(Work required): The data must be reproduced verbatim; images are to be omitted.

(Data shown):

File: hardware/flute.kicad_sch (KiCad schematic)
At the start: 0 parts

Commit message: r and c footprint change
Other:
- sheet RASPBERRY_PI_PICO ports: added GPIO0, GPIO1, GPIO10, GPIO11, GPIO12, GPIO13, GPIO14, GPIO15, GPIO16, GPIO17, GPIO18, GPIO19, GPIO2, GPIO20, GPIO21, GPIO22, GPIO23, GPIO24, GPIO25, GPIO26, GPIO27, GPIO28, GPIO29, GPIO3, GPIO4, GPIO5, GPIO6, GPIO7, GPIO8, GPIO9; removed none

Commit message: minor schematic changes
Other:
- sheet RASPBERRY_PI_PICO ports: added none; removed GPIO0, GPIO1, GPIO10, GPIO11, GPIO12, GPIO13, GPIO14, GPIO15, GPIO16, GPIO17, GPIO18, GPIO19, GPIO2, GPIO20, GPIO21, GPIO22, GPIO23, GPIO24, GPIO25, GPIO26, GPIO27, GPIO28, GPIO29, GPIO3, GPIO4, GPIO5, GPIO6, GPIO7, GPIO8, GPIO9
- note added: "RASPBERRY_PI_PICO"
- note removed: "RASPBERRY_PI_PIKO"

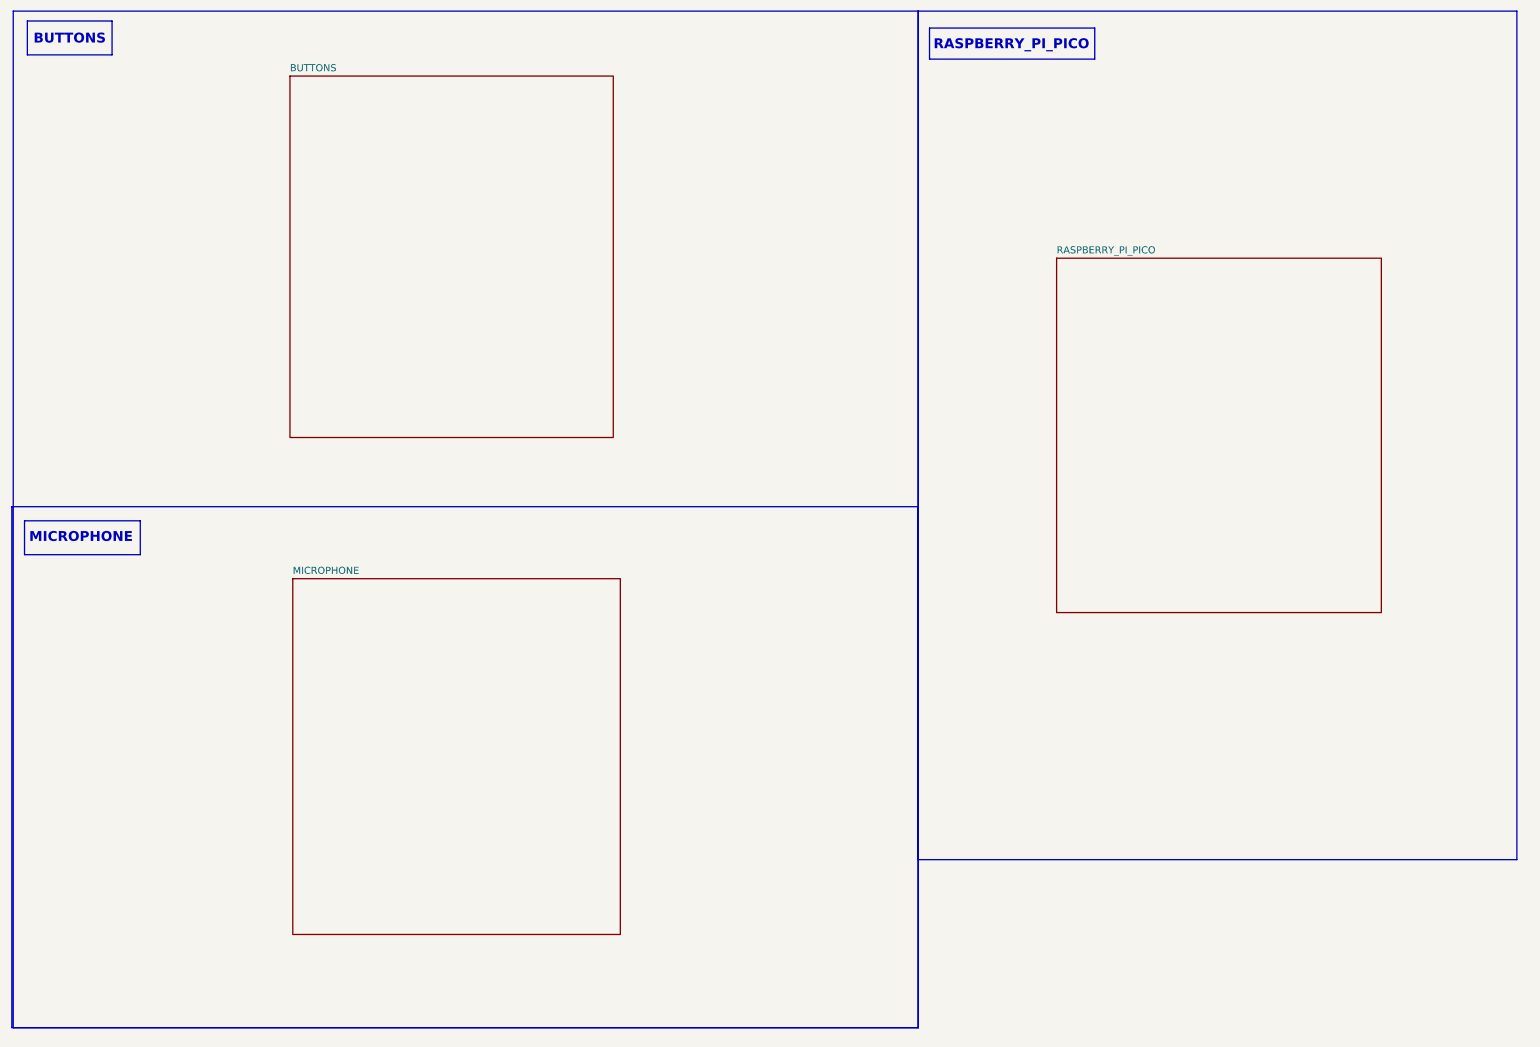
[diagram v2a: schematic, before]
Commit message: added jack and battery
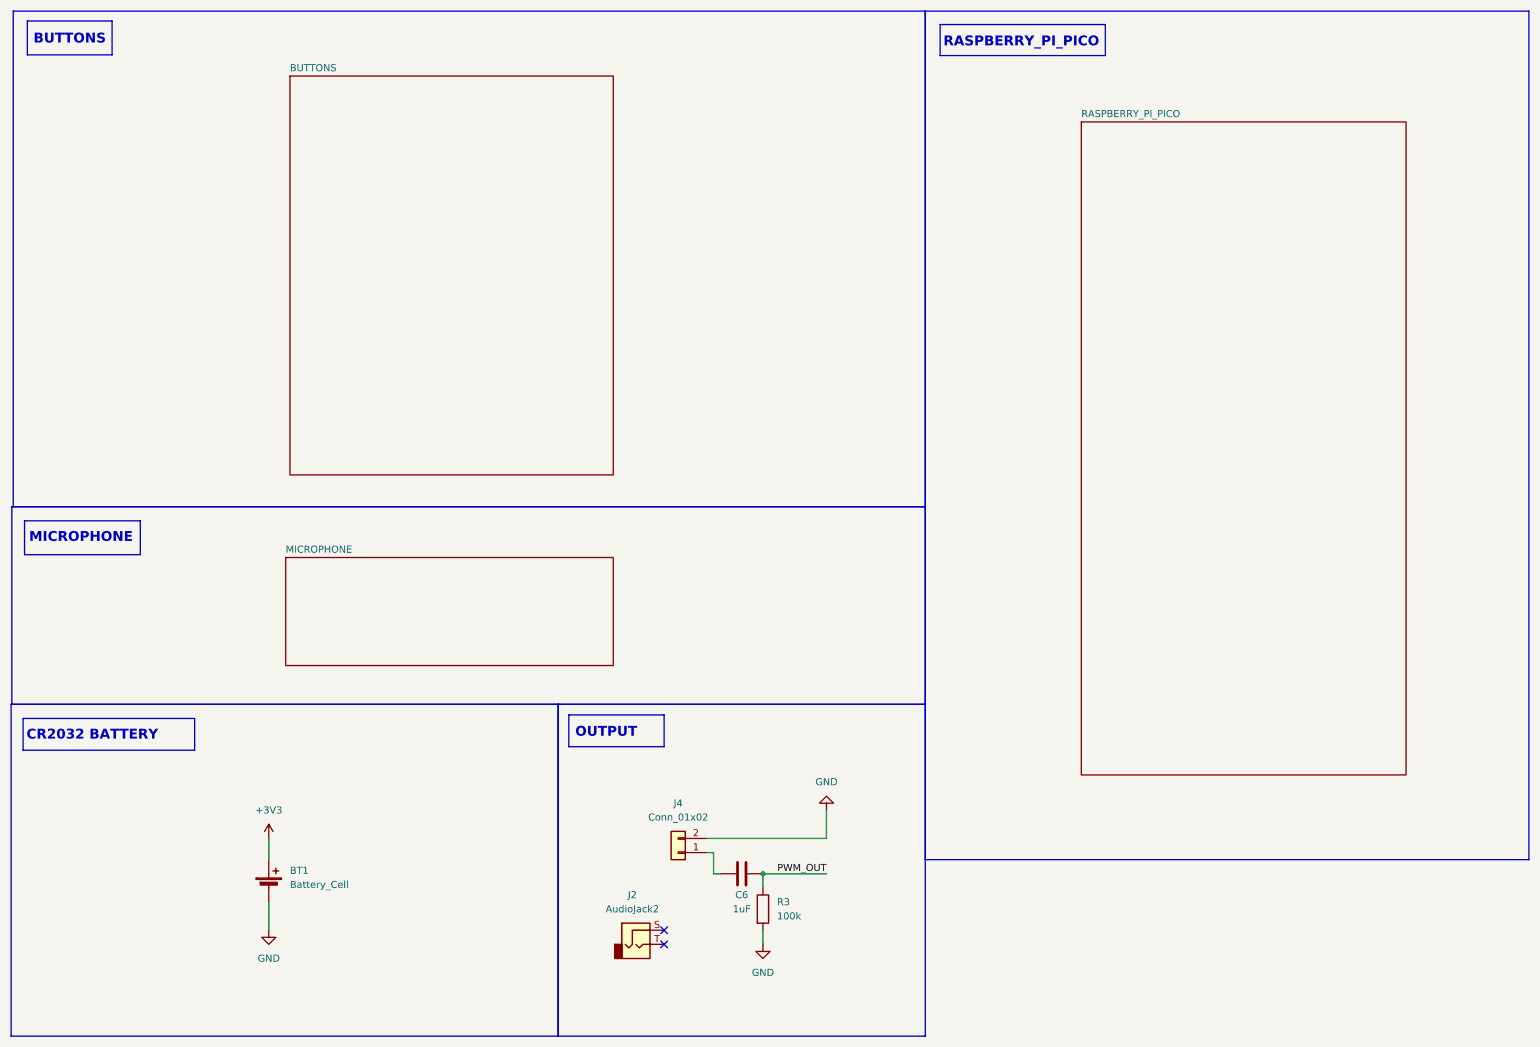
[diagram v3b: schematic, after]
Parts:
- added BT1: Battery_Cell, Battery:BatteryHolder_MYOUNG_BS-07-A1BJ001_CR2032, symbol Device:Battery_Cell
- added C6: 1uF, Capacitor_SMD:C_0603_1608Metric, symbol Device:C
- added J2: AudioJack2, symbol Connector_Audio:AudioJack2
- added J4: Conn_01x02, Connector_PinHeader_2.54mm:PinHeader_1x02_P2.54mm_Vertical, symbol Connector_Generic:Conn_01x02
- added R3: 100k, Resistor_SMD:R_0603_1608Metric, symbol Device:R
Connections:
- new net: C6.1, J4.1 (Pin_1)
- new net +3V3: BT1.1 (+)
- new net GND: BT1.2 (-), J4.2 (Pin_2), R3.2
- new net PWM_OUT: C6.2, R3.1
- no-connect marks 0 -> 2
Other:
- note added: "CR2032 BATTERY"
- note added: "OUTPUT"

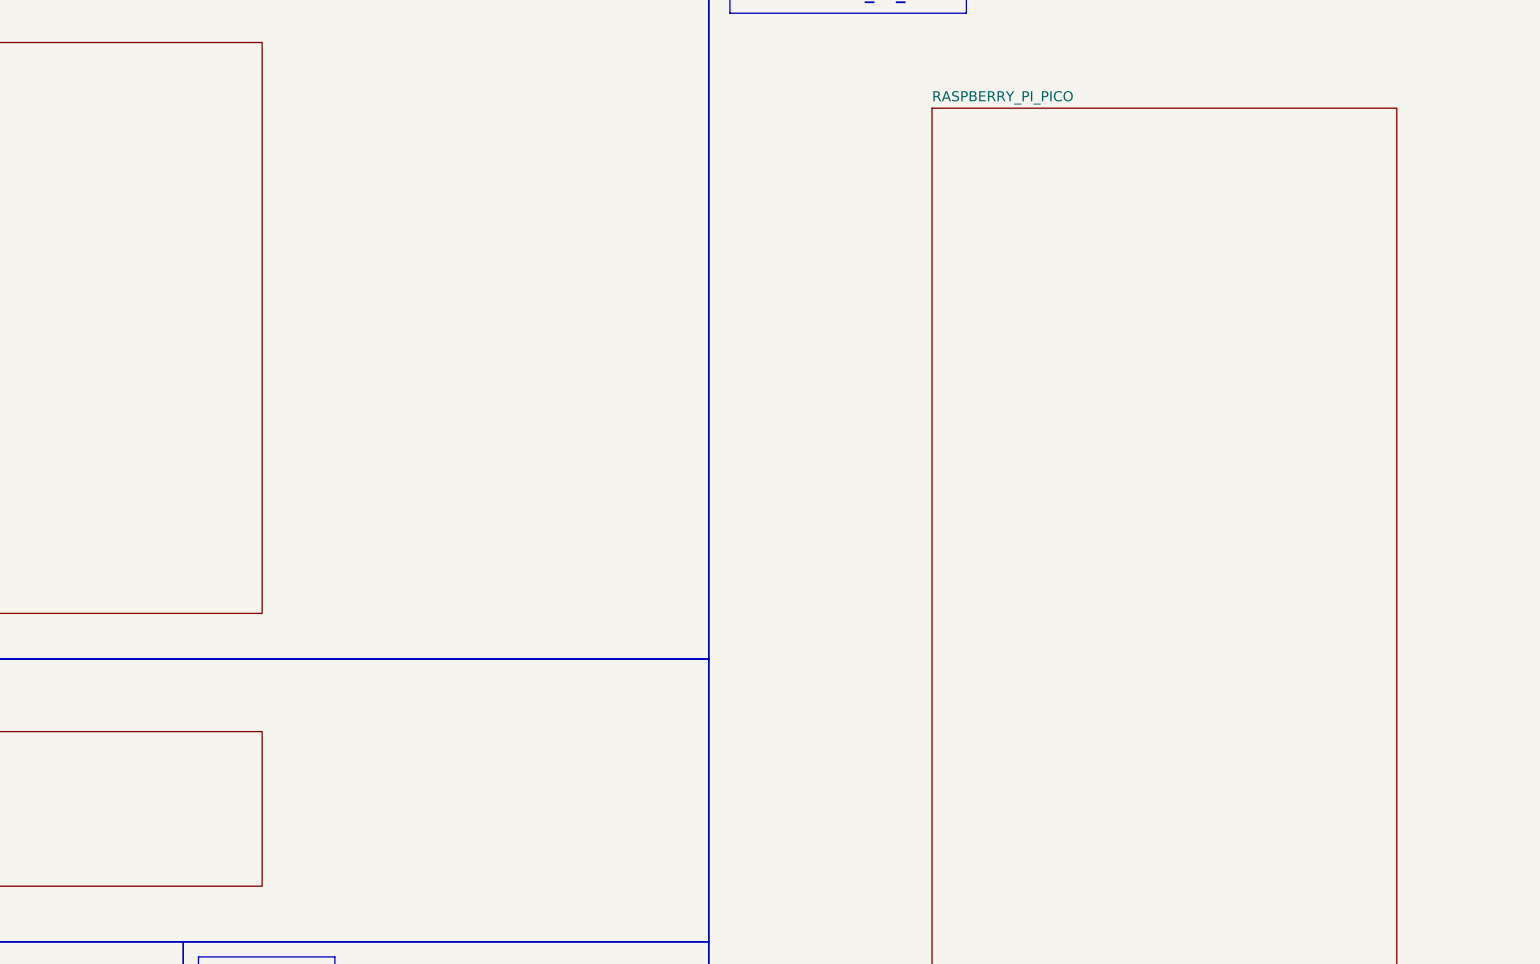
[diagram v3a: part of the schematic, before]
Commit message: type of connections changed
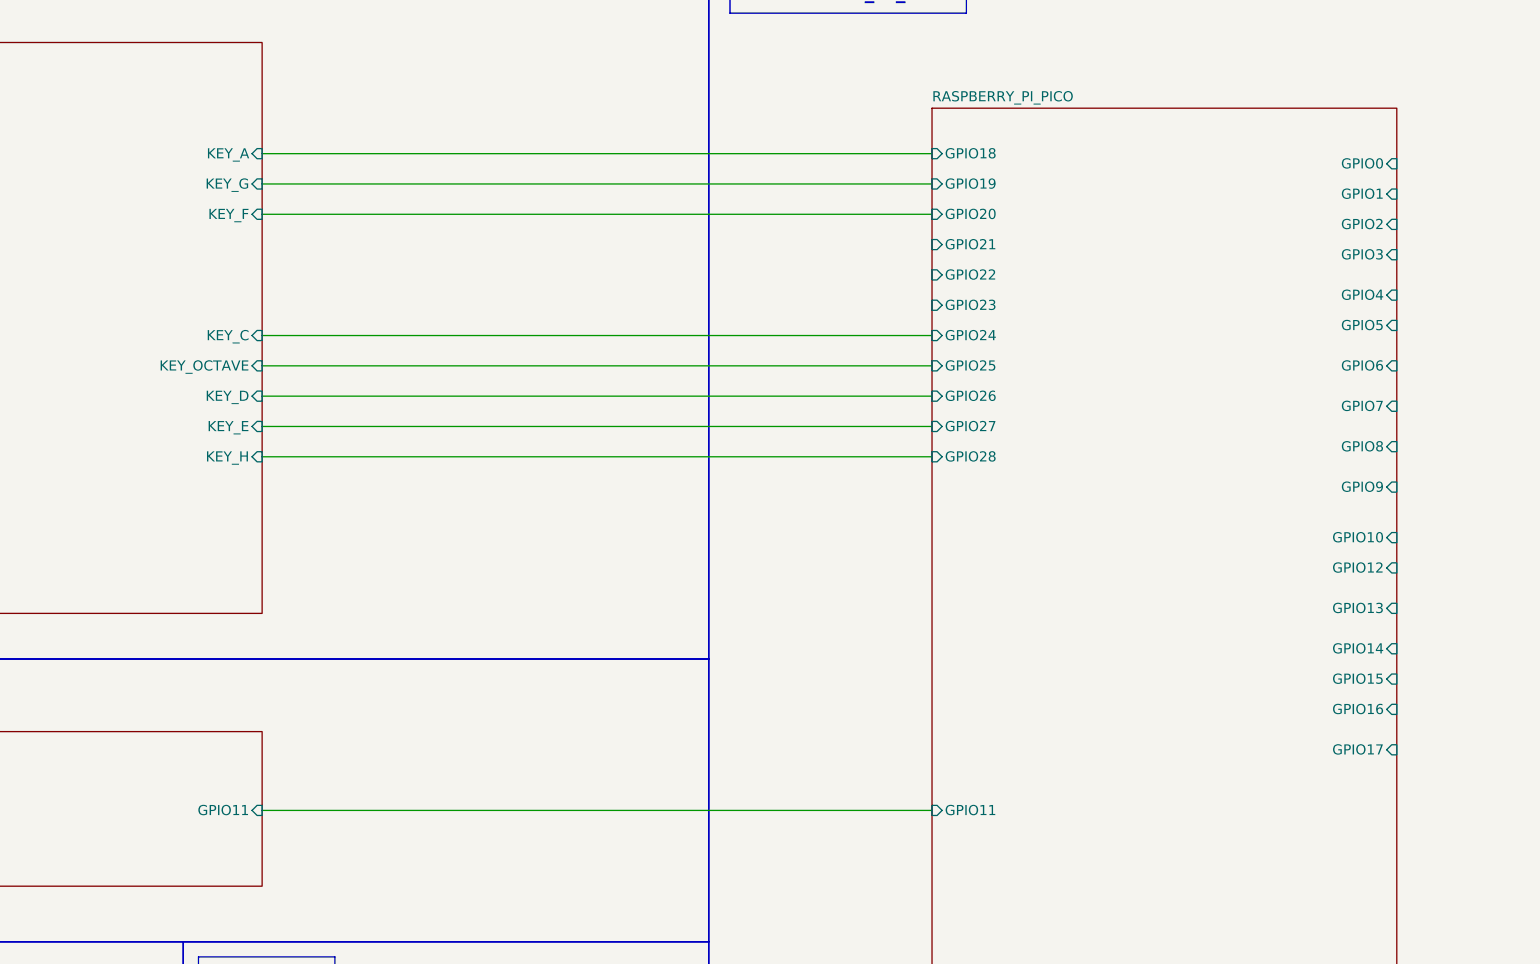
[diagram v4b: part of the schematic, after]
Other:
- sheet BUTTONS ports: added KEY_A, KEY_C, KEY_D, KEY_E, KEY_F, KEY_G, KEY_H, KEY_OCTAVE; removed none
- sheet MICROPHONE ports: added GPIO11; removed none
- sheet RASPBERRY_PI_PICO ports: added GPIO0, GPIO1, GPIO10, GPIO11, GPIO12, GPIO13, GPIO14, GPIO15, GPIO16, GPIO17, GPIO18, GPIO19, GPIO2, GPIO20, GPIO21, GPIO22, GPIO23, GPIO24, GPIO25, GPIO26, GPIO27, GPIO28, GPIO3, GPIO4, GPIO5, GPIO6, GPIO7, GPIO8, GPIO9; removed none

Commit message: complete pcb ver1
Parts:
- added C2: 1uF, Capacitor_SMD:C_0603_1608Metric, symbol Device:C
- added MIC.CASE1: R, Resistor_THT:R_Axial_DIN0204_L3.6mm_D1.6mm_P2.54mm_Vertical, symbol Device:R
- added R2: 2.2K, Resistor_SMD:R_0603_1608Metric, symbol Device:R
- added SW1: C, Button_Switch_THT:SW_TH_Tactile_Omron_B3F-100x, symbol Switch:SW_Omron_B3FS
- added SW2: D, Button_Switch_THT:SW_TH_Tactile_Omron_B3F-100x, symbol Switch:SW_Omron_B3FS
- added SW3: E, Button_Switch_THT:SW_TH_Tactile_Omron_B3F-100x, symbol Switch:SW_Omron_B3FS
- added SW4: F, Button_Switch_THT:SW_TH_Tactile_Omron_B3F-100x, symbol Switch:SW_Omron_B3FS
- added SW5: G, Button_Switch_THT:SW_TH_Tactile_Omron_B3F-100x, symbol Switch:SW_Omron_B3FS
- added SW6: A, Button_Switch_THT:SW_TH_Tactile_Omron_B3F-100x, symbol Switch:SW_Omron_B3FS
- added SW7: H, Button_Switch_THT:SW_TH_Tactile_Omron_B3F-100x, symbol Switch:SW_Omron_B3FS
- added SW8: OCTAVE?, Button_Switch_THT:SW_TH_Tactile_Omron_B3F-100x, symbol Switch:SW_Omron_B3FS
- renumbered C6 to C1, J2 to J1, J4 to J2, R3 to R1
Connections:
- net +3V3: now also R2.2
- net GND: now also MIC.CASE1.1, SW1.1, SW2.1, SW3.1, SW4.1, SW5.1, SW6.1, SW7.1, SW8.1
- new net: C2.1, MIC.CASE1.2, R2.1
- new net KEY_A: SW6.2
- new net KEY_C: SW1.2
- new net KEY_D: SW2.2
- new net KEY_E: SW3.2
- new net KEY_F: SW4.2
- new net KEY_G: SW5.2
- new net KEY_H: SW7.2
- new net KEY_OCTAVE: SW8.2
- new net MIC_OUTPUT: C2.2
- no-connect marks 2 -> 22
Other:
- removed sheet BUTTONS
- removed sheet MICROPHONE
- sheet RASPBERRY_PI_PICO ports: added GPIO29; removed none
- company: (none) -> KN HARDWIRE AGH
- title: (none) -> ELECTRONIC FLUTE

(Result of this exercise):
File: hardware/flute.kicad_sch (KiCad schematic)
At the start: 0 parts

Commit message: r and c footprint change
Other:
- sheet RASPBERRY_PI_PICO ports: added GPIO0, GPIO1, GPIO10, GPIO11, GPIO12, GPIO13, GPIO14, GPIO15, GPIO16, GPIO17, GPIO18, GPIO19, GPIO2, GPIO20, GPIO21, GPIO22, GPIO23, GPIO24, GPIO25, GPIO26, GPIO27, GPIO28, GPIO29, GPIO3, GPIO4, GPIO5, GPIO6, GPIO7, GPIO8, GPIO9; removed none

Commit message: minor schematic changes
Other:
- sheet RASPBERRY_PI_PICO ports: added none; removed GPIO0, GPIO1, GPIO10, GPIO11, GPIO12, GPIO13, GPIO14, GPIO15, GPIO16, GPIO17, GPIO18, GPIO19, GPIO2, GPIO20, GPIO21, GPIO22, GPIO23, GPIO24, GPIO25, GPIO26, GPIO27, GPIO28, GPIO29, GPIO3, GPIO4, GPIO5, GPIO6, GPIO7, GPIO8, GPIO9
- note added: "RASPBERRY_PI_PICO"
- note removed: "RASPBERRY_PI_PIKO"

[diagram v2a: schematic, before]
Commit message: added jack and battery
[diagram v3b: schematic, after]
Parts:
- added BT1: Battery_Cell, Battery:BatteryHolder_MYOUNG_BS-07-A1BJ001_CR2032, symbol Device:Battery_Cell
- added C6: 1uF, Capacitor_SMD:C_0603_1608Metric, symbol Device:C
- added J2: AudioJack2, symbol Connector_Audio:AudioJack2
- added J4: Conn_01x02, Connector_PinHeader_2.54mm:PinHeader_1x02_P2.54mm_Vertical, symbol Connector_Generic:Conn_01x02
- added R3: 100k, Resistor_SMD:R_0603_1608Metric, symbol Device:R
Connections:
- new net: C6.1, J4.1 (Pin_1)
- new net +3V3: BT1.1 (+)
- new net GND: BT1.2 (-), J4.2 (Pin_2), R3.2
- new net PWM_OUT: C6.2, R3.1
- no-connect marks 0 -> 2
Other:
- note added: "CR2032 BATTERY"
- note added: "OUTPUT"

[diagram v3a: part of the schematic, before]
Commit message: type of connections changed
[diagram v4b: part of the schematic, after]
Other:
- sheet BUTTONS ports: added KEY_A, KEY_C, KEY_D, KEY_E, KEY_F, KEY_G, KEY_H, KEY_OCTAVE; removed none
- sheet MICROPHONE ports: added GPIO11; removed none
- sheet RASPBERRY_PI_PICO ports: added GPIO0, GPIO1, GPIO10, GPIO11, GPIO12, GPIO13, GPIO14, GPIO15, GPIO16, GPIO17, GPIO18, GPIO19, GPIO2, GPIO20, GPIO21, GPIO22, GPIO23, GPIO24, GPIO25, GPIO26, GPIO27, GPIO28, GPIO3, GPIO4, GPIO5, GPIO6, GPIO7, GPIO8, GPIO9; removed none

Commit message: complete pcb ver1
Parts:
- added C2: 1uF, Capacitor_SMD:C_0603_1608Metric, symbol Device:C
- added MIC.CASE1: R, Resistor_THT:R_Axial_DIN0204_L3.6mm_D1.6mm_P2.54mm_Vertical, symbol Device:R
- added R2: 2.2K, Resistor_SMD:R_0603_1608Metric, symbol Device:R
- added SW1: C, Button_Switch_THT:SW_TH_Tactile_Omron_B3F-100x, symbol Switch:SW_Omron_B3FS
- added SW2: D, Button_Switch_THT:SW_TH_Tactile_Omron_B3F-100x, symbol Switch:SW_Omron_B3FS
- added SW3: E, Button_Switch_THT:SW_TH_Tactile_Omron_B3F-100x, symbol Switch:SW_Omron_B3FS
- added SW4: F, Button_Switch_THT:SW_TH_Tactile_Omron_B3F-100x, symbol Switch:SW_Omron_B3FS
- added SW5: G, Button_Switch_THT:SW_TH_Tactile_Omron_B3F-100x, symbol Switch:SW_Omron_B3FS
- added SW6: A, Button_Switch_THT:SW_TH_Tactile_Omron_B3F-100x, symbol Switch:SW_Omron_B3FS
- added SW7: H, Button_Switch_THT:SW_TH_Tactile_Omron_B3F-100x, symbol Switch:SW_Omron_B3FS
- added SW8: OCTAVE?, Button_Switch_THT:SW_TH_Tactile_Omron_B3F-100x, symbol Switch:SW_Omron_B3FS
- renumbered C6 to C1, J2 to J1, J4 to J2, R3 to R1
Connections:
- net +3V3: now also R2.2
- net GND: now also MIC.CASE1.1, SW1.1, SW2.1, SW3.1, SW4.1, SW5.1, SW6.1, SW7.1, SW8.1
- new net: C2.1, MIC.CASE1.2, R2.1
- new net KEY_A: SW6.2
- new net KEY_C: SW1.2
- new net KEY_D: SW2.2
- new net KEY_E: SW3.2
- new net KEY_F: SW4.2
- new net KEY_G: SW5.2
- new net KEY_H: SW7.2
- new net KEY_OCTAVE: SW8.2
- new net MIC_OUTPUT: C2.2
- no-connect marks 2 -> 22
Other:
- removed sheet BUTTONS
- removed sheet MICROPHONE
- sheet RASPBERRY_PI_PICO ports: added GPIO29; removed none
- company: (none) -> KN HARDWIRE AGH
- title: (none) -> ELECTRONIC FLUTE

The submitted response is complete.